For several weeks after performing those sanitation skits in western Kenya, researchers sat by the hand washing stations outside the schools’ bathrooms to monitor how often kids washed their hands and whether they used soap. They compared their behavior to students who hadn’t yet received the intervention and saw the percentage of students washing their hands with soap increased from 0 to 32 percent. Called “Shit & Shake,” the method has been tested in India and endorsed by UNICEF in Malawi. It draws upon our general knowledge that unwashed hands can transmit bacteria that can lead to sickness or disease, but corrects our tendency to forget that while we’re in the bathroom.
In another recent experiment, researchers at the Busara Center selected 220 people from a large Nairobi slum called Kibera to participate in an experiment about haggling. Half, the sellers, were told they could produce a theoretical item for 10 shillings (10 cents) each, but that they could attempt to sell it at any price. The other half, the buyers, weren’t told how much the item was worth. When sellers set their prices too high, buyers bought from other sellers. After a number of rounds of haggling, nearly every seller had decided to sell at the market equilibrium price — 11 shillings.
But when participants were asked to switch roles, the new sellers “set prices optimally from the very first round,” according to the study. The takeaway: Experiencing haggling from the other person’s perspective makes you a better negotiator. In fact, changing roles lowered the price by 4.5 shillings on average — nearly 50 percent of the item’s actual value.

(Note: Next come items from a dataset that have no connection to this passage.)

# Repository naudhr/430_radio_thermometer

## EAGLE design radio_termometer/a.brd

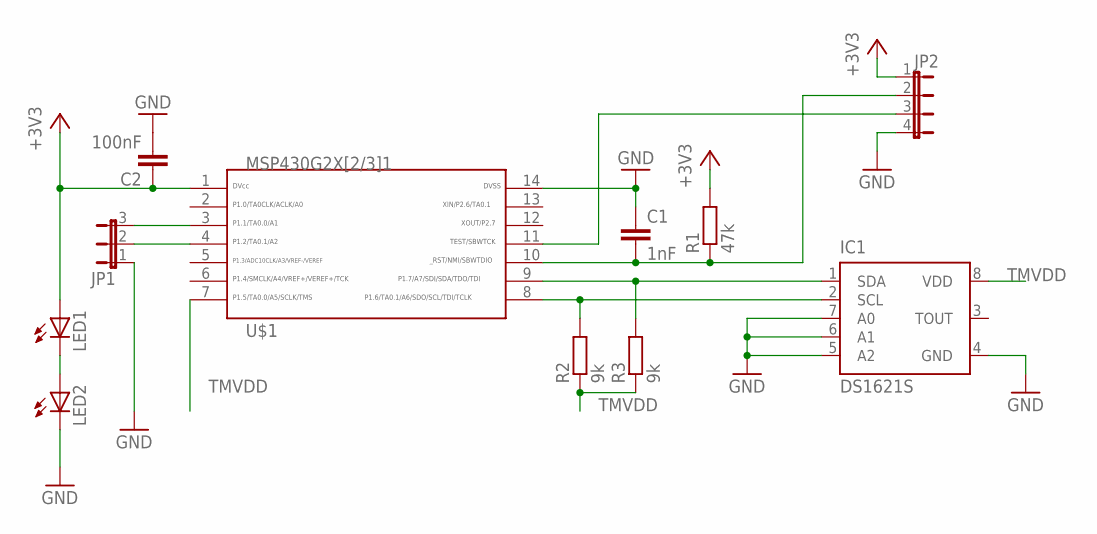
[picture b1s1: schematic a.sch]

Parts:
C1: 1nF; C0603K
C2: 100nF; C1206K
IC1: DS1621S; SO08
JP1: JP2E; JP2
JP2: JP4E; JP4
LED1, LED2: LED3MM
R1: 47k; R1206
R2, R3: 9k; M0805
U$1: G2X[2/3]1---PW14; PW14

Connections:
+3V3: C2.1, JP2.1, LED1.A, R1.2, U$1.1
GND: C1.1, C2.2, IC1.4 (GND), IC1.5 (A2), IC1.6 (A1), IC1.7 (A0), JP1.1, JP2.4, LED2.K (C), U$1.14
unnamed: LED1.K (C), LED2.A
unnamed: IC1.2 (SCL), R2.2, U$1.8
unnamed: C1.2, JP2.2, R1.1, U$1.10
unnamed: IC1.1 (SDA), R3.2, U$1.9
unnamed: JP1.3, U$1.3
unnamed: JP1.2, U$1.4
unnamed: JP2.3, U$1.11
TMVDD: IC1.8 (VDD), R2.1, R3.1, U$1.7

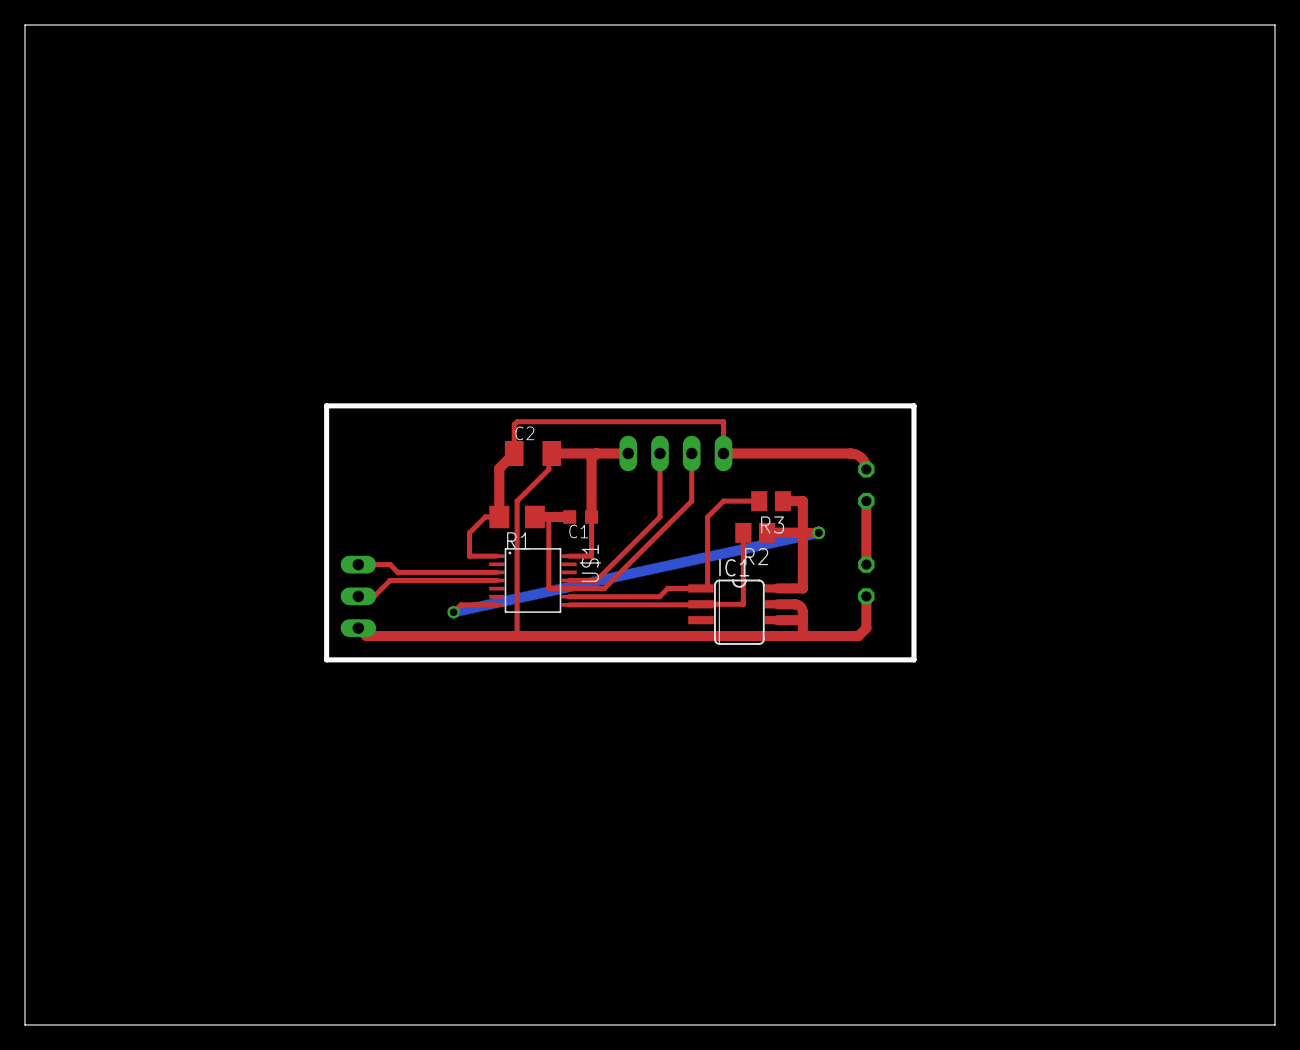
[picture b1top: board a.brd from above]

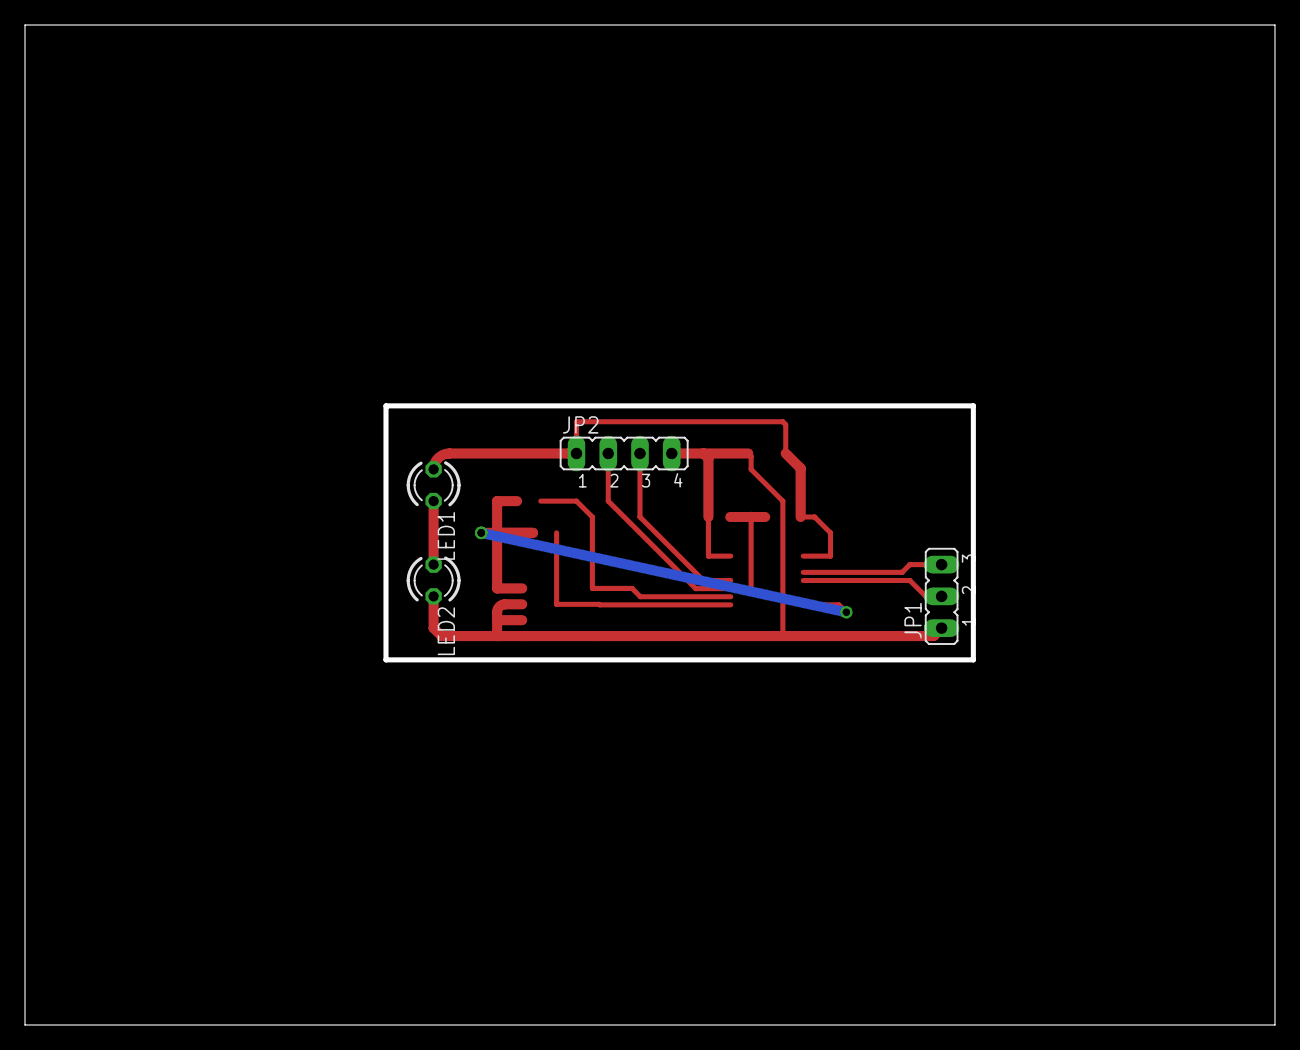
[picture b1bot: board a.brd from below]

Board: 2 copper layers, 100.0 x 80.0 mm, 11 parts (4 on the bottom side), 10 nets.

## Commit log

2013-11-06 init
2013-11-06 rename dir

Applied in a country like the United States, such insight might help you buy that laptop on eBay at a lower price. But for low-income families in Kenya who haggle for food, clothing and other items on a daily basis, the discovery could someday be used to significantly reduce their cost of living.
A short walk from the slum in which the studies’ participants were selected, the haggling conundrum becomes visible at Toi Market — a vast expanse of stalls selling mountains of second hand clothes, shoes, hats and more. On a hot afternoon a women’s clothing seller named Nancy Kiguru described her haggling strategy.
“I tell them the price and then we start negotiating. If I start very high, the customer will walk away,” says Kiguru. She says less experienced customers sometimes make the mistake of taking her up on her first offer. “Some, you tell them this is 550 (shillings), and they buy for 500. They don’t know!”
Kenya is positioned to be a testing ground for behavioral economics for years to come. GiveDirectly, the cash transfer charity, is currently conducting a 12-year study in which they’re giving hundreds of people a constant, monthly basic income — the first experiment of its kind in the world.
Critics of behavioral science tend to argue that many of these interventions are too small and location-specific for their results to be replicable or useful in other parts of the world. Many behavioral studies merely “confirmed what should have been obvious,” writes the economist Tim Harford. Rather, the challenge lies in putting theory into practice by finding ways to change human behavior on a massive scale.
Other critics worry that behavioral interventions border dangerously on manipulation — that having foreigners nudge Africans seems uncomfortably neocolonial. But similar studies have been done in the West for decades.
“Actively marketing development programs does not mean misleading recipients or presuming that they cannot make good decisions on their own,” write behavioral scientists Dean Karlan and Jacob Appel in their book, “More Than Good Intentions.” “It just means acknowledging that they’re like anyone else: susceptible both to reason and to suggestion.”